++++ EXTRACTED ENTRIES ++++

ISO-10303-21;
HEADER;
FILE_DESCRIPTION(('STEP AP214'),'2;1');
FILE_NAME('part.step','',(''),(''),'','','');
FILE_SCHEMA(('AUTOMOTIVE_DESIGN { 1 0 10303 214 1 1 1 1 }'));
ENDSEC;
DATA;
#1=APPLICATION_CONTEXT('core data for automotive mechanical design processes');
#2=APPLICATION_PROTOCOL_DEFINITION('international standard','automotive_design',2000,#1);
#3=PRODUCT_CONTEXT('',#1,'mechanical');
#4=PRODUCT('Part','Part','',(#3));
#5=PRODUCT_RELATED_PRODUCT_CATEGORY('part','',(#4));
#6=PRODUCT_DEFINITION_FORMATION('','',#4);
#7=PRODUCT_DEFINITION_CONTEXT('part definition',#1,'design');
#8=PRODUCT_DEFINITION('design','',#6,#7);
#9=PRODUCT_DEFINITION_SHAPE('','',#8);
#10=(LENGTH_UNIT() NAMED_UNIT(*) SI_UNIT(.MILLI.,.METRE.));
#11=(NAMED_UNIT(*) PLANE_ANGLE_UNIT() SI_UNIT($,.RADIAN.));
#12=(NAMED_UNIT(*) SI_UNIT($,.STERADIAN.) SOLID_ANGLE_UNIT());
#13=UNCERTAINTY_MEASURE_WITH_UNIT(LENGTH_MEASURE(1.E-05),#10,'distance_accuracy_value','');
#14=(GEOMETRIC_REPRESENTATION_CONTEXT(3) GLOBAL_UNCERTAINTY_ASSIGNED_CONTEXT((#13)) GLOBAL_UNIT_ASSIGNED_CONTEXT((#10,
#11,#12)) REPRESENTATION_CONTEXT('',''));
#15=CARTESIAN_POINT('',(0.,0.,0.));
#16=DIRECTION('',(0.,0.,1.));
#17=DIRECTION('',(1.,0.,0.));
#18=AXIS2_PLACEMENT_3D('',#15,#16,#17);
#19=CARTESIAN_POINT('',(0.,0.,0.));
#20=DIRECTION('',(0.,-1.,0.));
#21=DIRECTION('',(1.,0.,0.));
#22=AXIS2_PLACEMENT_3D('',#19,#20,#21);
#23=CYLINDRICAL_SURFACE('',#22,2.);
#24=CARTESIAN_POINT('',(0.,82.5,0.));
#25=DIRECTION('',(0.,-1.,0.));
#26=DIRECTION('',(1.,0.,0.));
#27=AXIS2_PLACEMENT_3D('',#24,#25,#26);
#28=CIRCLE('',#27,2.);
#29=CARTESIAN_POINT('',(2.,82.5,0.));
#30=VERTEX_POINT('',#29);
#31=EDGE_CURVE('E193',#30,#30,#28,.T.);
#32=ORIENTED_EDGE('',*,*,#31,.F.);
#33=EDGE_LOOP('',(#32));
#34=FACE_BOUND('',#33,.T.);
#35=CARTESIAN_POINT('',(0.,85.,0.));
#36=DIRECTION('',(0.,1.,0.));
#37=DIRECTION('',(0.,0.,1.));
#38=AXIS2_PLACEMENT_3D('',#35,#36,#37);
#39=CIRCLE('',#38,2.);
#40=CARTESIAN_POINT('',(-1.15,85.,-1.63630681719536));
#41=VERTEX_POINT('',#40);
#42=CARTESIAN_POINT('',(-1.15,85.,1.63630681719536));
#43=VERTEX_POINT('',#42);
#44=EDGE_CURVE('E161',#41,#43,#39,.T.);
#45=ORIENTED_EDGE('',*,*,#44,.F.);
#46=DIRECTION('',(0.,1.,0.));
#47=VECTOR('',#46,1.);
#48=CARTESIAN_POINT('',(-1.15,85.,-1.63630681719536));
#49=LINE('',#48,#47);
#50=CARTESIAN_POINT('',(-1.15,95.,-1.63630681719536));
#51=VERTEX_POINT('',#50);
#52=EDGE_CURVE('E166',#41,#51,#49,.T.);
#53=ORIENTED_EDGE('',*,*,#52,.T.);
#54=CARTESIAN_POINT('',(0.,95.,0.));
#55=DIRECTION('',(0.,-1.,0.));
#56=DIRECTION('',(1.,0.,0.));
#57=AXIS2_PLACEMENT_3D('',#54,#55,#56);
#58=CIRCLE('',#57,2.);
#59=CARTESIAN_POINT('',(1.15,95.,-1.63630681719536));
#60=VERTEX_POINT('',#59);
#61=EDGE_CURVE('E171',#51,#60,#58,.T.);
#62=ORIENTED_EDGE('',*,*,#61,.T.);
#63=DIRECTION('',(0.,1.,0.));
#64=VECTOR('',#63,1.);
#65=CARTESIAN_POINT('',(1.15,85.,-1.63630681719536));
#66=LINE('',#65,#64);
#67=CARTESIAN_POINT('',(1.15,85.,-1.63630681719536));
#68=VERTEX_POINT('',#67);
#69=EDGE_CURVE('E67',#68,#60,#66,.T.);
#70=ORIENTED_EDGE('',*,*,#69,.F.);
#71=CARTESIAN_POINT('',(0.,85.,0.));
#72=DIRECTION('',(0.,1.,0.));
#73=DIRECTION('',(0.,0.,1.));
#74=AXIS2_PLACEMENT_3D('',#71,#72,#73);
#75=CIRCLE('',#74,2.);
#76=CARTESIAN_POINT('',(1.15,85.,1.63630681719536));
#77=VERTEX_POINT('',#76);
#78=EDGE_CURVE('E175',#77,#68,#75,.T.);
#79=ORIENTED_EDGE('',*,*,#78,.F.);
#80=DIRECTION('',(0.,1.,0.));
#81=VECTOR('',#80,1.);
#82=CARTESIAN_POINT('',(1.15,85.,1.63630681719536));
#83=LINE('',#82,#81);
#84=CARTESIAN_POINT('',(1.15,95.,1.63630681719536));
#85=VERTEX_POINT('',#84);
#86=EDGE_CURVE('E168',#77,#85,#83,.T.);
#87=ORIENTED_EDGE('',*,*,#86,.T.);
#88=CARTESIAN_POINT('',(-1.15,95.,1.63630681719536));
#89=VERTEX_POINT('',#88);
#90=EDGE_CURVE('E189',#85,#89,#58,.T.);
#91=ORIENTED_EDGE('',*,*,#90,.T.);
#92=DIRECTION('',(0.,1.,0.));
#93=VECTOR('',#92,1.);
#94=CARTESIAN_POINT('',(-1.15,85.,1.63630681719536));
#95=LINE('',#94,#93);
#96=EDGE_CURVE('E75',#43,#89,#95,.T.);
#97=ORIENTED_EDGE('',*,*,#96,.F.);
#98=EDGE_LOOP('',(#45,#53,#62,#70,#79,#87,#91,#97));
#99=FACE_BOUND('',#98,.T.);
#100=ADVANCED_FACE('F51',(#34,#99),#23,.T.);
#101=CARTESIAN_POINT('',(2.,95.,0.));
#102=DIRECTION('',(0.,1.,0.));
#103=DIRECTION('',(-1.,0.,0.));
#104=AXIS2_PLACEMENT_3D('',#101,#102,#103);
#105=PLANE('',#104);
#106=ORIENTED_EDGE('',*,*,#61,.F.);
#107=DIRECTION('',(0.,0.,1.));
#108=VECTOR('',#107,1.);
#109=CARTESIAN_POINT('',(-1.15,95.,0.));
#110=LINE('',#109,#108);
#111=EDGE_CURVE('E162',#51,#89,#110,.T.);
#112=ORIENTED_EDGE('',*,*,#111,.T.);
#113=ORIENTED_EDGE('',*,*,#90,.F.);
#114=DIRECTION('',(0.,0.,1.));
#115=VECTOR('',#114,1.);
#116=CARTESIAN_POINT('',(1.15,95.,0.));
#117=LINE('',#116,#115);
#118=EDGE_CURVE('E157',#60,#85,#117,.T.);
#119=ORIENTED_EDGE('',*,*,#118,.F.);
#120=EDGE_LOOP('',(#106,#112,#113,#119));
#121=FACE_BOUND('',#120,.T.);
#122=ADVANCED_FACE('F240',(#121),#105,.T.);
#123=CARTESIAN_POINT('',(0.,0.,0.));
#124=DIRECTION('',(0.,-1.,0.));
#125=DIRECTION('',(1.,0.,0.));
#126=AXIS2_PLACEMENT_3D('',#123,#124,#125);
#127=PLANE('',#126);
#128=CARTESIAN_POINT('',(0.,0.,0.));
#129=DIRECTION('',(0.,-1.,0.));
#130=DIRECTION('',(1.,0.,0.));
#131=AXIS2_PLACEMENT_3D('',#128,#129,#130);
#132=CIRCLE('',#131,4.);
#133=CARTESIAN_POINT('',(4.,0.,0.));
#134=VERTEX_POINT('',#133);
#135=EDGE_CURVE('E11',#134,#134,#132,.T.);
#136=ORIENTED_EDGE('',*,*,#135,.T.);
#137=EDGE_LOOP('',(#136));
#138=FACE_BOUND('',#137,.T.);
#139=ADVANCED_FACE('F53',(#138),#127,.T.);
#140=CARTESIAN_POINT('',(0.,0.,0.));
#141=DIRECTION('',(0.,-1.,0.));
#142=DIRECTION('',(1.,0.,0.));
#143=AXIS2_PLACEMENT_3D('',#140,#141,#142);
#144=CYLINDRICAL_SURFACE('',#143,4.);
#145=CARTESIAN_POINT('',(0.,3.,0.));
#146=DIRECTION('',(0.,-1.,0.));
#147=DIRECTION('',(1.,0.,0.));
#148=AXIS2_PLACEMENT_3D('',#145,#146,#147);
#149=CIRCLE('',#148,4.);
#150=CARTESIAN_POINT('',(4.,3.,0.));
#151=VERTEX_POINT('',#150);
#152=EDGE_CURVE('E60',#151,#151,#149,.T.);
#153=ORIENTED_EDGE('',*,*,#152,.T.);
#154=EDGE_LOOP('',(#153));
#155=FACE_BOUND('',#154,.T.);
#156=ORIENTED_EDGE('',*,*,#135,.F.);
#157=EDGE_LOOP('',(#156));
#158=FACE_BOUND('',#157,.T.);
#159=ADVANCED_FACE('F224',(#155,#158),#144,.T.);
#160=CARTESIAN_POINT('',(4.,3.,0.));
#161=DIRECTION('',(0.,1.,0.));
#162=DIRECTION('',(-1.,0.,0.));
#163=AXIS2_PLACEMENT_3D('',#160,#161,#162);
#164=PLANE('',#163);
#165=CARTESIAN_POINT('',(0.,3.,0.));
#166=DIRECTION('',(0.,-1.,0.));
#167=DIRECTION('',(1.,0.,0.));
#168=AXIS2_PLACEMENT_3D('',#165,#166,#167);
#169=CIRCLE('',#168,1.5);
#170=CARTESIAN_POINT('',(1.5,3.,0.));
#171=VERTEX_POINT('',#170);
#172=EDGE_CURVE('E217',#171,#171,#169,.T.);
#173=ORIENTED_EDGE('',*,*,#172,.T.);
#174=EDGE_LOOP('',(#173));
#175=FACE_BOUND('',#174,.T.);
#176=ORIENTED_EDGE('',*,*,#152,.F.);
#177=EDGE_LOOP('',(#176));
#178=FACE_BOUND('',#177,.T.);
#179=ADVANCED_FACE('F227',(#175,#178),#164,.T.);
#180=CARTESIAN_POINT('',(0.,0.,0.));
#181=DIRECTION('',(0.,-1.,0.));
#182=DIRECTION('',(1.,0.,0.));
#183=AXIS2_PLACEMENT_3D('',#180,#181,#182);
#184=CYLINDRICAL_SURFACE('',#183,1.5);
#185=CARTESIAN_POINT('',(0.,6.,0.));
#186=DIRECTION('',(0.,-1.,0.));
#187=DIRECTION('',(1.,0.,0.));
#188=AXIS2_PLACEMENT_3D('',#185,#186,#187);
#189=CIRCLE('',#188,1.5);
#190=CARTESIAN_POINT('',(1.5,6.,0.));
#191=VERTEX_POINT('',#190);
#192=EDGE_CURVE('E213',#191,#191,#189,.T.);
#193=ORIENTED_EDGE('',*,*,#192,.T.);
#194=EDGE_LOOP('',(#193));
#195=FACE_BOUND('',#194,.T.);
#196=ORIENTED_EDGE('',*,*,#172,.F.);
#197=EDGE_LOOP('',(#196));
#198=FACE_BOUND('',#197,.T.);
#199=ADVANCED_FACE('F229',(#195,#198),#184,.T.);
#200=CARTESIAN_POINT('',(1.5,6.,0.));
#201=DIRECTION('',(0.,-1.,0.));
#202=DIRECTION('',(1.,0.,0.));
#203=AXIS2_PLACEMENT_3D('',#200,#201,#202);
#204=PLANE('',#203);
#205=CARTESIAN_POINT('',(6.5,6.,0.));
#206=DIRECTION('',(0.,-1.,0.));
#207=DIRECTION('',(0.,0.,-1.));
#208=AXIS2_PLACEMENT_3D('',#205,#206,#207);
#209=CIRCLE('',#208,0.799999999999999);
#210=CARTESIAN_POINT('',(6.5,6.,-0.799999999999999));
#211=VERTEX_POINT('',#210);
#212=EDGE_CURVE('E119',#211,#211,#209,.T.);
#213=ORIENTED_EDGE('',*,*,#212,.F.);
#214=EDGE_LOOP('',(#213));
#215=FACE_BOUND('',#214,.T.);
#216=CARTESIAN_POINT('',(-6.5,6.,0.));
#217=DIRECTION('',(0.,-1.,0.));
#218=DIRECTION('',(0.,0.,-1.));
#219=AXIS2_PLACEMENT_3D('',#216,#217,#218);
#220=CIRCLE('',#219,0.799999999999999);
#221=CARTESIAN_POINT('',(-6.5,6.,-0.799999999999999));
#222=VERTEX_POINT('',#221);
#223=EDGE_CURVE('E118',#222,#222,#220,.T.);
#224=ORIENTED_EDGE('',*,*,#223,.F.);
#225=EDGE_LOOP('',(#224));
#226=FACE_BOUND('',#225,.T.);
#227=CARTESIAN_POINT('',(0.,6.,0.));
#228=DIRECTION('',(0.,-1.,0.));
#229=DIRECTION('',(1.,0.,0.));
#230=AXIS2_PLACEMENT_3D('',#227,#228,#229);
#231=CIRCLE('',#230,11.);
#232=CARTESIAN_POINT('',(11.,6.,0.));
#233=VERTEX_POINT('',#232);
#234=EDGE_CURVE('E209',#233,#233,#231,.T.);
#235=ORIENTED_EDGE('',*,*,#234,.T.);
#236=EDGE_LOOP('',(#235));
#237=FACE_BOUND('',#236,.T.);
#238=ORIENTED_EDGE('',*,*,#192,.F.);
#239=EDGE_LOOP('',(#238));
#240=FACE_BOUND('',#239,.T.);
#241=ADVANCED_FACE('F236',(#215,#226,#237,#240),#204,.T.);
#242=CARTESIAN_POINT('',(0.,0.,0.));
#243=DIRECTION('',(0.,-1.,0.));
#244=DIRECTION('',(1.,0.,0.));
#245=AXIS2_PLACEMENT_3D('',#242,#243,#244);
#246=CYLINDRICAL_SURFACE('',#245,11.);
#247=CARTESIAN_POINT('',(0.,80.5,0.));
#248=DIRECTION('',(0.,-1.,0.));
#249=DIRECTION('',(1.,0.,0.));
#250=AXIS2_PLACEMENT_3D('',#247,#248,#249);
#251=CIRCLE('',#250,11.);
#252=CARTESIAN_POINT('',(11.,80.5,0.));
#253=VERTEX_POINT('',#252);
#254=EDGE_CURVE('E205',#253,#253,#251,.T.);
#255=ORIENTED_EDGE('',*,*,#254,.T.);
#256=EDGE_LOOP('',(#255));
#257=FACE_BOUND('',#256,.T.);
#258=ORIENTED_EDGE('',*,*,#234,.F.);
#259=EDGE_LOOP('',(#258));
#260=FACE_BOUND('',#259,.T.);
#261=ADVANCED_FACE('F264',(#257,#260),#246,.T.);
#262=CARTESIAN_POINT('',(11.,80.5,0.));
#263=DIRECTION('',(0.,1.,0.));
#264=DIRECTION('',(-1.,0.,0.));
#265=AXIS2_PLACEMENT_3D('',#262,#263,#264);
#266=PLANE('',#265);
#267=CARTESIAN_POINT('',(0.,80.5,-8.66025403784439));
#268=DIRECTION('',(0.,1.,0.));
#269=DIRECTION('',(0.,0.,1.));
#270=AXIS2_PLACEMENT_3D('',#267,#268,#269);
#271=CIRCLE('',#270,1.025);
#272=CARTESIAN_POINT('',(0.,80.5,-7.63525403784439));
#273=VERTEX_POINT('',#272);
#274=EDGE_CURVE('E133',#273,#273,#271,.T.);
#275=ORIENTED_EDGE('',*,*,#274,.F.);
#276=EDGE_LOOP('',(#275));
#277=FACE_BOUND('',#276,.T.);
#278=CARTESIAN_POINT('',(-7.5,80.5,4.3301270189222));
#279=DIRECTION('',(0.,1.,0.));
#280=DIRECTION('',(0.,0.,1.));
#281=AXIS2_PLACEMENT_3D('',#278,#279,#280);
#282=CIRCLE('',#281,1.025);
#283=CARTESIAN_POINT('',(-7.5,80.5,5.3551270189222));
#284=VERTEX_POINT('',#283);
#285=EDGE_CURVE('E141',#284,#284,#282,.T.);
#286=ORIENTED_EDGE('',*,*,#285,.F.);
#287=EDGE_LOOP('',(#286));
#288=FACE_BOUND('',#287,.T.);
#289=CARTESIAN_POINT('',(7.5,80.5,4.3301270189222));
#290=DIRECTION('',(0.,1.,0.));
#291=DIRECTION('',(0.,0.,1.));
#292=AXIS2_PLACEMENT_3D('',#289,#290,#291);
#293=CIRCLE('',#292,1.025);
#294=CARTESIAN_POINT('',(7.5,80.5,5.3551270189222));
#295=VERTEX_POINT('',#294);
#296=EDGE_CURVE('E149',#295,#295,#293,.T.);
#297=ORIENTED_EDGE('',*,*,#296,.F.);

++++

## HOW TO COMPLETE THIS TASK
Every line from the one containing "#294=CARTESIAN_POINT('',(7.5,80.5,5.3551270189222));" through the last line of the entries above must be output exactly. Leave the rest out.

## OUTPUT
#294=CARTESIAN_POINT('',(7.5,80.5,5.3551270189222));
#295=VERTEX_POINT('',#294);
#296=EDGE_CURVE('E149',#295,#295,#293,.T.);
#297=ORIENTED_EDGE('',*,*,#296,.F.);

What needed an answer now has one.